** Requirement **
Would you write out, word for word, each line of the records below from the top through the one holding "#8=PRODUCT_DEFINITION('design','',#6,#7);"?

** Exercise materials **
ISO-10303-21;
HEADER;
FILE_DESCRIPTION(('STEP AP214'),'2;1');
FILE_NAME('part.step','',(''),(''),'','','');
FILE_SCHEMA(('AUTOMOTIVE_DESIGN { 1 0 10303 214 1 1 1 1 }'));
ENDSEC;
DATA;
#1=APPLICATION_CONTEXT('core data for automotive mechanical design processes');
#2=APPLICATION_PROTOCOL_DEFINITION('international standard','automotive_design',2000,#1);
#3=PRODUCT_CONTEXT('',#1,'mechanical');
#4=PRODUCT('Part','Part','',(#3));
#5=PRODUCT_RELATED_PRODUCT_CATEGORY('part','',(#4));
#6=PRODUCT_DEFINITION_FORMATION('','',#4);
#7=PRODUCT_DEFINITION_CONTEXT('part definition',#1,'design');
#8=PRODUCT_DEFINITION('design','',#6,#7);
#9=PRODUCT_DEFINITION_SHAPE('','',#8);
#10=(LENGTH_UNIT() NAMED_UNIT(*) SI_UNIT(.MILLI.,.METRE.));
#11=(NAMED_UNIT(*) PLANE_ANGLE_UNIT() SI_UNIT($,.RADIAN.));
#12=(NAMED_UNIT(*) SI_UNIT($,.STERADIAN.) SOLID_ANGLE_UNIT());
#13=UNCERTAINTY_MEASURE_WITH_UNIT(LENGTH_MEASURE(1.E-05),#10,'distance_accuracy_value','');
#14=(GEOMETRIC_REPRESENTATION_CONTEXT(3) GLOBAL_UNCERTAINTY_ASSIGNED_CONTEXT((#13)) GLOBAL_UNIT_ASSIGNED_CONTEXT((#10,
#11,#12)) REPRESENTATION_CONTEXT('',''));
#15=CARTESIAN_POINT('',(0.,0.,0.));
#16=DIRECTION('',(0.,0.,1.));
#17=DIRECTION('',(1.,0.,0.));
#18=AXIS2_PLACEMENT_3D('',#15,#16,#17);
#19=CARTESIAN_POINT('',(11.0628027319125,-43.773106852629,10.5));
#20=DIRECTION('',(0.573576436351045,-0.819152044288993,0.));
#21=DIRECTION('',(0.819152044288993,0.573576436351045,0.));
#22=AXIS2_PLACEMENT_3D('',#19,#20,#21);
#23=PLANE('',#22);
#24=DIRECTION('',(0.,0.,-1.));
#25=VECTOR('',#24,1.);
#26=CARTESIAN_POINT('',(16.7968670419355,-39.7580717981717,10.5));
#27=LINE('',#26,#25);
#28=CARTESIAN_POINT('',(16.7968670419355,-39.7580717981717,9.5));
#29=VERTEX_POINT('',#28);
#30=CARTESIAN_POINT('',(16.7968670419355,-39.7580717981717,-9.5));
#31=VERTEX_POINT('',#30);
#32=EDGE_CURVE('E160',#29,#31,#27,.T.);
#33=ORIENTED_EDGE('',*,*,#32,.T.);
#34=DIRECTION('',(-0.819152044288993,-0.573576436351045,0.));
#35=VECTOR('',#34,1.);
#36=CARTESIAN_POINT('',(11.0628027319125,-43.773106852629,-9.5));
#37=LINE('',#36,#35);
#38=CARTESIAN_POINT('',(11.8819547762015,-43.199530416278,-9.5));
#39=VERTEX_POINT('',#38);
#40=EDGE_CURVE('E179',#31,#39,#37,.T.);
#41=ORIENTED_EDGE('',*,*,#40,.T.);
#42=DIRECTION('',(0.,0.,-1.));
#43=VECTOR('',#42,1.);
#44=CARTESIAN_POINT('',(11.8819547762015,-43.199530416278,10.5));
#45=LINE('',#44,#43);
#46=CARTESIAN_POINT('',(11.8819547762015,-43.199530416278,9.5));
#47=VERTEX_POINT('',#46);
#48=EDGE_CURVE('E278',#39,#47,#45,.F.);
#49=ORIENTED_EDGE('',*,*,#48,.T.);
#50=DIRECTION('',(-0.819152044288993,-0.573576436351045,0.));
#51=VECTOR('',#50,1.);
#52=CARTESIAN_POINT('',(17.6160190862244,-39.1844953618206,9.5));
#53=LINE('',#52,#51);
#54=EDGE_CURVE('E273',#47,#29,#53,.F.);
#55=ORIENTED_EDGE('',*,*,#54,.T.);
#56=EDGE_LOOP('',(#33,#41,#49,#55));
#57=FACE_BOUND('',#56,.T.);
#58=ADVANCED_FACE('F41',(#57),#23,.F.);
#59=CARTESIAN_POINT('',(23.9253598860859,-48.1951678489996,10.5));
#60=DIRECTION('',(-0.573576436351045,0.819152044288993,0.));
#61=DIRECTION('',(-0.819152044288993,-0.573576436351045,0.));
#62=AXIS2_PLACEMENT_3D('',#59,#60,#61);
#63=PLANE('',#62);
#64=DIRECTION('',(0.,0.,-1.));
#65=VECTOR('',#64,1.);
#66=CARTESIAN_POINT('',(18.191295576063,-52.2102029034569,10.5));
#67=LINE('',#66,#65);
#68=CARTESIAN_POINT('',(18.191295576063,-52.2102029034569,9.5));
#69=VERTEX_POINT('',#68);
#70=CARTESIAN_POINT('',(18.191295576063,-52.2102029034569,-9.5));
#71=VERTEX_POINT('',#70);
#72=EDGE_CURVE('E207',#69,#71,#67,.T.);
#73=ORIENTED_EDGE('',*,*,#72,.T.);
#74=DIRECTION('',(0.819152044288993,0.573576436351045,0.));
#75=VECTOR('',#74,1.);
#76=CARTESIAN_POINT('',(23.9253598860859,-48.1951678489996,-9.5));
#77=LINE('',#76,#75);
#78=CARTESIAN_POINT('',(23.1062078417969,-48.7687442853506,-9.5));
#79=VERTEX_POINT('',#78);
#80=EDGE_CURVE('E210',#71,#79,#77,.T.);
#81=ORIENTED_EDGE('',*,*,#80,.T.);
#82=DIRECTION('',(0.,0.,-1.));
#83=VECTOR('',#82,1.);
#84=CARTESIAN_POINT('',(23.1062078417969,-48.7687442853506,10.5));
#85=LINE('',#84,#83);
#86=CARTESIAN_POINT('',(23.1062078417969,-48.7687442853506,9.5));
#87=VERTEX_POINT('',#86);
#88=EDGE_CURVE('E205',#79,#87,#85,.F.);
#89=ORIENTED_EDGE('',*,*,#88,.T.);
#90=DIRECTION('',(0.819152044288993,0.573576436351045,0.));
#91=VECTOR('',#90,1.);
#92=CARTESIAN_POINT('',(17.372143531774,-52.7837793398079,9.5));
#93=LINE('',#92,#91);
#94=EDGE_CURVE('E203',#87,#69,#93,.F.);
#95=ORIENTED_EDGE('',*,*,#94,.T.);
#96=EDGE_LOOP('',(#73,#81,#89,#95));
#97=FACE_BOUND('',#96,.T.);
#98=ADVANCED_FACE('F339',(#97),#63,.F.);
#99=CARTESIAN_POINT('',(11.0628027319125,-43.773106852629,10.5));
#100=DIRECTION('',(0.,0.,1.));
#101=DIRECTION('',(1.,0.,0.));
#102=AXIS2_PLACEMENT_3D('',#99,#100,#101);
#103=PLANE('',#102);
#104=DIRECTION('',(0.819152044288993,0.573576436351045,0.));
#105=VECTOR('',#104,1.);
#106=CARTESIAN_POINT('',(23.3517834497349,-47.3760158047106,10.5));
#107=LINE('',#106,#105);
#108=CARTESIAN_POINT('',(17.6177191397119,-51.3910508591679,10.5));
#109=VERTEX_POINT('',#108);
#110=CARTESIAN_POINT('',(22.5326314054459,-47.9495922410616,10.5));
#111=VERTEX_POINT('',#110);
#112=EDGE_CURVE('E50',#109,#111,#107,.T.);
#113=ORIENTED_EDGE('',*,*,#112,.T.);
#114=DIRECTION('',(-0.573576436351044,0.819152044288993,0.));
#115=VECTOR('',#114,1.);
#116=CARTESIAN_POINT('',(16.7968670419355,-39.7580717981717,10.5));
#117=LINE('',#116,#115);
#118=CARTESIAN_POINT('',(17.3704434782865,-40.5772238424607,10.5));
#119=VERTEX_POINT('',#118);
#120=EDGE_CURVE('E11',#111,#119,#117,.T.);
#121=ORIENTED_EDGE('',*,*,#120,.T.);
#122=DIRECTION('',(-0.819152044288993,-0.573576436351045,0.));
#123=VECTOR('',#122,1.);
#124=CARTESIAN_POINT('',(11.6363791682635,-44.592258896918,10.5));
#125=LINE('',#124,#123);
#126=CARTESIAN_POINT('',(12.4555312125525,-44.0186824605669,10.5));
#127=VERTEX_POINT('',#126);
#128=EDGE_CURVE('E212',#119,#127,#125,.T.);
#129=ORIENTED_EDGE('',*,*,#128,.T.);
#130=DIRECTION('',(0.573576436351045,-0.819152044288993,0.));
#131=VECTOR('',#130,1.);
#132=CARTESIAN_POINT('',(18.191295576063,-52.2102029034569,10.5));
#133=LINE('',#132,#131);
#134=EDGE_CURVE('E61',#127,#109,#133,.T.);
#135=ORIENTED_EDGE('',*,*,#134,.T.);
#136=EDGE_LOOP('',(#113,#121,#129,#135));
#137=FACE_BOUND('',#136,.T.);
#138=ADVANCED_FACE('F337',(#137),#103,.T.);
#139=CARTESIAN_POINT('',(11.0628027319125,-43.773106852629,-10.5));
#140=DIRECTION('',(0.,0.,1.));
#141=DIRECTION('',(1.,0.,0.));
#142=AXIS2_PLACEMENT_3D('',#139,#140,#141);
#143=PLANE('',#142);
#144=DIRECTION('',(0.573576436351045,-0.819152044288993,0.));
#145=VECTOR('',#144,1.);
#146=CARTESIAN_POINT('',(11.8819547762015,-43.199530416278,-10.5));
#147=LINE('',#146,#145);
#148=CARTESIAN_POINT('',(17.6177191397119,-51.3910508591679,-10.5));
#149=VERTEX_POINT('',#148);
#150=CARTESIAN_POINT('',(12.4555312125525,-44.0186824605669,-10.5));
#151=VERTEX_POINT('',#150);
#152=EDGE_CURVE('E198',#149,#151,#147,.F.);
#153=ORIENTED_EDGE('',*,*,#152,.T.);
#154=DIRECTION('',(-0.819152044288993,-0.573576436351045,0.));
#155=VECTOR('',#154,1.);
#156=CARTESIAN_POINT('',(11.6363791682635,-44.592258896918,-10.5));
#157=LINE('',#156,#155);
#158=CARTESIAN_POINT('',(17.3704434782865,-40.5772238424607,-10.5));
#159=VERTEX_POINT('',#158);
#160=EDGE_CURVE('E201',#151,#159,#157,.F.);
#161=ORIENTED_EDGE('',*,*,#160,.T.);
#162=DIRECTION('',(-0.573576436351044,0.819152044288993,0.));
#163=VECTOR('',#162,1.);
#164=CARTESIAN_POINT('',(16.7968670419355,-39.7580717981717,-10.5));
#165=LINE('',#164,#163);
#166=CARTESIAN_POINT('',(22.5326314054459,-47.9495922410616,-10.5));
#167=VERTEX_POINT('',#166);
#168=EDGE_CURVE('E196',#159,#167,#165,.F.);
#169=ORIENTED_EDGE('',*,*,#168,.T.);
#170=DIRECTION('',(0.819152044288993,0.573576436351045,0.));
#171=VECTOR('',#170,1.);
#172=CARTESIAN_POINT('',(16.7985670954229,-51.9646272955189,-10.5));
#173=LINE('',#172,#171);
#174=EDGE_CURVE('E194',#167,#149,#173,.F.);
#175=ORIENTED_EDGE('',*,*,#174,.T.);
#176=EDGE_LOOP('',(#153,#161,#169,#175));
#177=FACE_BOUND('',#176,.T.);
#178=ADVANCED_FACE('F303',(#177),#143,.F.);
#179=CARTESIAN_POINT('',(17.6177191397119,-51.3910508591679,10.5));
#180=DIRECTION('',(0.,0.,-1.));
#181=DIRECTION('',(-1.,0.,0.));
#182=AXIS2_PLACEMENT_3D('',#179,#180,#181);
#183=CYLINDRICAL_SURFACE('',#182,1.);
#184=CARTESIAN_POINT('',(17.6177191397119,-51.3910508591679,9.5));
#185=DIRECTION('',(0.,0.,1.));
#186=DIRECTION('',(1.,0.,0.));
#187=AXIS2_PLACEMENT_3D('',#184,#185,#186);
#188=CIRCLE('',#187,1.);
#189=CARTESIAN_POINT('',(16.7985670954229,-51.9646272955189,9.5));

** Answer section **
ISO-10303-21;
HEADER;
FILE_DESCRIPTION(('STEP AP214'),'2;1');
FILE_NAME('part.step','',(''),(''),'','','');
FILE_SCHEMA(('AUTOMOTIVE_DESIGN { 1 0 10303 214 1 1 1 1 }'));
ENDSEC;
DATA;
#1=APPLICATION_CONTEXT('core data for automotive mechanical design processes');
#2=APPLICATION_PROTOCOL_DEFINITION('international standard','automotive_design',2000,#1);
#3=PRODUCT_CONTEXT('',#1,'mechanical');
#4=PRODUCT('Part','Part','',(#3));
#5=PRODUCT_RELATED_PRODUCT_CATEGORY('part','',(#4));
#6=PRODUCT_DEFINITION_FORMATION('','',#4);
#7=PRODUCT_DEFINITION_CONTEXT('part definition',#1,'design');
#8=PRODUCT_DEFINITION('design','',#6,#7);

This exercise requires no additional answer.